Proof of Flexibility

DayFi's network of distributed energy systems faces the challenge of ensuring availability and responsiveness when called upon for grid support dispatching by an Energy Market Operator (EMO). Proof of Flexibility was designed to build trust in availability of the protocol's aggregated capacity by randomly but regularly testing connected battery systems for responsiveness.

PoF Modeling

Proof of Flexibility (“PoF”) is the protocol's decentralized fraud proof to verify that connected energy devices are connected to the same building as the deployed meter, are listening for dispatch requests, and can provide a measurable degree of energy flexibility.
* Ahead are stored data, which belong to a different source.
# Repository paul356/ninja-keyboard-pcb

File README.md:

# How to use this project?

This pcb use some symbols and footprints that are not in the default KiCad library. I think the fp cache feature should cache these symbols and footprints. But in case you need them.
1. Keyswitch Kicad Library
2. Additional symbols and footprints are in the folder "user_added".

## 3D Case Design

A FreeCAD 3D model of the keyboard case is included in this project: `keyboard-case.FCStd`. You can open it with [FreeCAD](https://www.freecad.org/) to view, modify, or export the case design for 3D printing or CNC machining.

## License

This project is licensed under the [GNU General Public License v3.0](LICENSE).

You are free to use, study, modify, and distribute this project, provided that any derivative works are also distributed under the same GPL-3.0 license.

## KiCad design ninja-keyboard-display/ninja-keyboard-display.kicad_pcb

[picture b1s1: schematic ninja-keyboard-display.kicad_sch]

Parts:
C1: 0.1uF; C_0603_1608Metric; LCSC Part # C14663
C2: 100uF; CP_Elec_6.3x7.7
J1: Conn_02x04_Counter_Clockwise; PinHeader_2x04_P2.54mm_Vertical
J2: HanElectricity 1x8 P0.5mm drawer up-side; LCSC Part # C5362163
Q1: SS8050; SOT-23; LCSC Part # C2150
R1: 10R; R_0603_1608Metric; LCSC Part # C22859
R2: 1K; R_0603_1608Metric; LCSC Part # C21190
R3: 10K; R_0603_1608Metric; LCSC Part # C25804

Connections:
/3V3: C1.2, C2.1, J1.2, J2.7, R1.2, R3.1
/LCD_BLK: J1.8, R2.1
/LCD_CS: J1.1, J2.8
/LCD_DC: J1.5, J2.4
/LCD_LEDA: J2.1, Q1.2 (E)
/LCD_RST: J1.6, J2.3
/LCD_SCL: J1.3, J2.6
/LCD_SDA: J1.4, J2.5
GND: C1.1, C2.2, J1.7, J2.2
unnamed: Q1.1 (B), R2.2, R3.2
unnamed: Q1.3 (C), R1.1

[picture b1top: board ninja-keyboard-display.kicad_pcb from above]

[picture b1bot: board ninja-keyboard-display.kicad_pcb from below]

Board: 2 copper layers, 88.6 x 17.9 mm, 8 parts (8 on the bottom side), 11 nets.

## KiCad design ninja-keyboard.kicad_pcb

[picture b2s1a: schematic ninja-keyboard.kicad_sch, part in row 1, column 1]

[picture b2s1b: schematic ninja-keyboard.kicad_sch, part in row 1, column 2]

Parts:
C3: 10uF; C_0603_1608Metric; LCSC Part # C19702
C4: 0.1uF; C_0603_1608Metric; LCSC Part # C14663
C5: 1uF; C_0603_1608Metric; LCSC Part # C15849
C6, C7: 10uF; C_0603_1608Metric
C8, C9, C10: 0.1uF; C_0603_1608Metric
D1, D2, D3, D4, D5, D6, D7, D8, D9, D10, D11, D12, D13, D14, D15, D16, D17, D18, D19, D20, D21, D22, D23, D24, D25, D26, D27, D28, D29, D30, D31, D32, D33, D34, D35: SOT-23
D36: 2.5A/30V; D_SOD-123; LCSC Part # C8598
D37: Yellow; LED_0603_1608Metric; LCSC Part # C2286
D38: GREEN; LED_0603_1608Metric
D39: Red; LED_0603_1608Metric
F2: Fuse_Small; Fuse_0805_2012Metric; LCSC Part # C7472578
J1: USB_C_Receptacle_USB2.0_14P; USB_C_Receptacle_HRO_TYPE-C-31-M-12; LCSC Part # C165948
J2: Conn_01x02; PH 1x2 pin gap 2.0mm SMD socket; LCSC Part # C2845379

In PoF, randomized challenges are issued by a Challenger (a "validator"), directly to a Miner (a connected energy device). Challengers are continuously connected to all energy devices connected to the protocol, with direct ability to issue controls to connected devices through the protocol’s integration suite. Challenges are comprised of dispatch instructions sent to a connected device to alter its state for a limited period of time. Challenges are targeted for a random weekly issuance to each contributor’s network of connected devices. The Miner must respond to this randomized, isolated dispatch request for 15 minutes. The contributor’s associated energy monitor continuously records energy data during the challenge period.

Climate zones of the U.S.

Energy consumption data is a time series that is dependent upon multiple factors including weather, occupancy, building envelope, and climate zone. Base, or always-on, load stays relatively constant, while intermediate and peak load change based on the factors listed, among others. The goal of Proof of Flexibility is to compare actual performance data from a dispatch event against forecasted performance, within a target confidence interval.

In PoF, the 15 minute post-device dispatch energy consumption time series is compared against a deterministically derived forecast using regression models that use historical usage data, weather, and climate zone data as inputs to derive a forecasted energy usage value. A stochastic model provides upper and lower bound values around the deterministically derived value. A pseudorandom number generator is used to generate random seeds for each stochastic simulation to produce unique results for each simulation, preventing replication of forecasts in future periods.

Example load shape of a building.

The results of the contributor’s associated energy consumption change is compared against the simulated forecast. If the actual data is within an acceptable margin of error for the forecast, it is given a pass designation. If it does not, a fail designation is given. As more data is gathered, the comparison target becomes more stringent.

Onchain PoF Challenging

The FlexibleCapacityChallenger.sol contract implements DayFi's challenge mechanism for verifying energy capacity commitments, using an optimistic approach that assumes participants are fulfilling their obligations until proven otherwise. Energy consumption and dispatch data is stored in a publicly accessible off-chain database, enabling transparent verification of participant performance.

The challenge process begins when validator nodes publishes forecast results for a dispatch request to the off-chain database. At this point, the participant's actual energy consumption data should also be available in the database. A challenge condition is triggered if either the consumption data is missing or there is a significant deviation between the forecasted and actual consumption patterns.

Challengers can initiate a slashing process by submitting an onchain query through the Lagrange network to the protocol's off-chain database. This query returns two critical pieces of information: a zero-knowledge proof of the forecasting data and a success boolean that evaluates whether the actual consumption aligned with expectations within an allowable margin of error (maxError). The maxError parameter is initially set during contract deployment and can be modified through protocol governance to adjust for changing network conditions.

When the Lagrange prover network returns the query response, the protocol verifies the validity of the zero-knowledge proof. If the proof is valid but the success boolean is false, indicating a performance failure outside the maxError bounds, the protocol executes a partial slash of the participant's staked $DAY. The protocol does nothing otherwise.

The contract includes configurable timing parameters that control the challenge process. The challengeDeadline determines how long participants have to respond to a challenge, while the challengeWindow sets the maximum duration for which a challenge can remain active.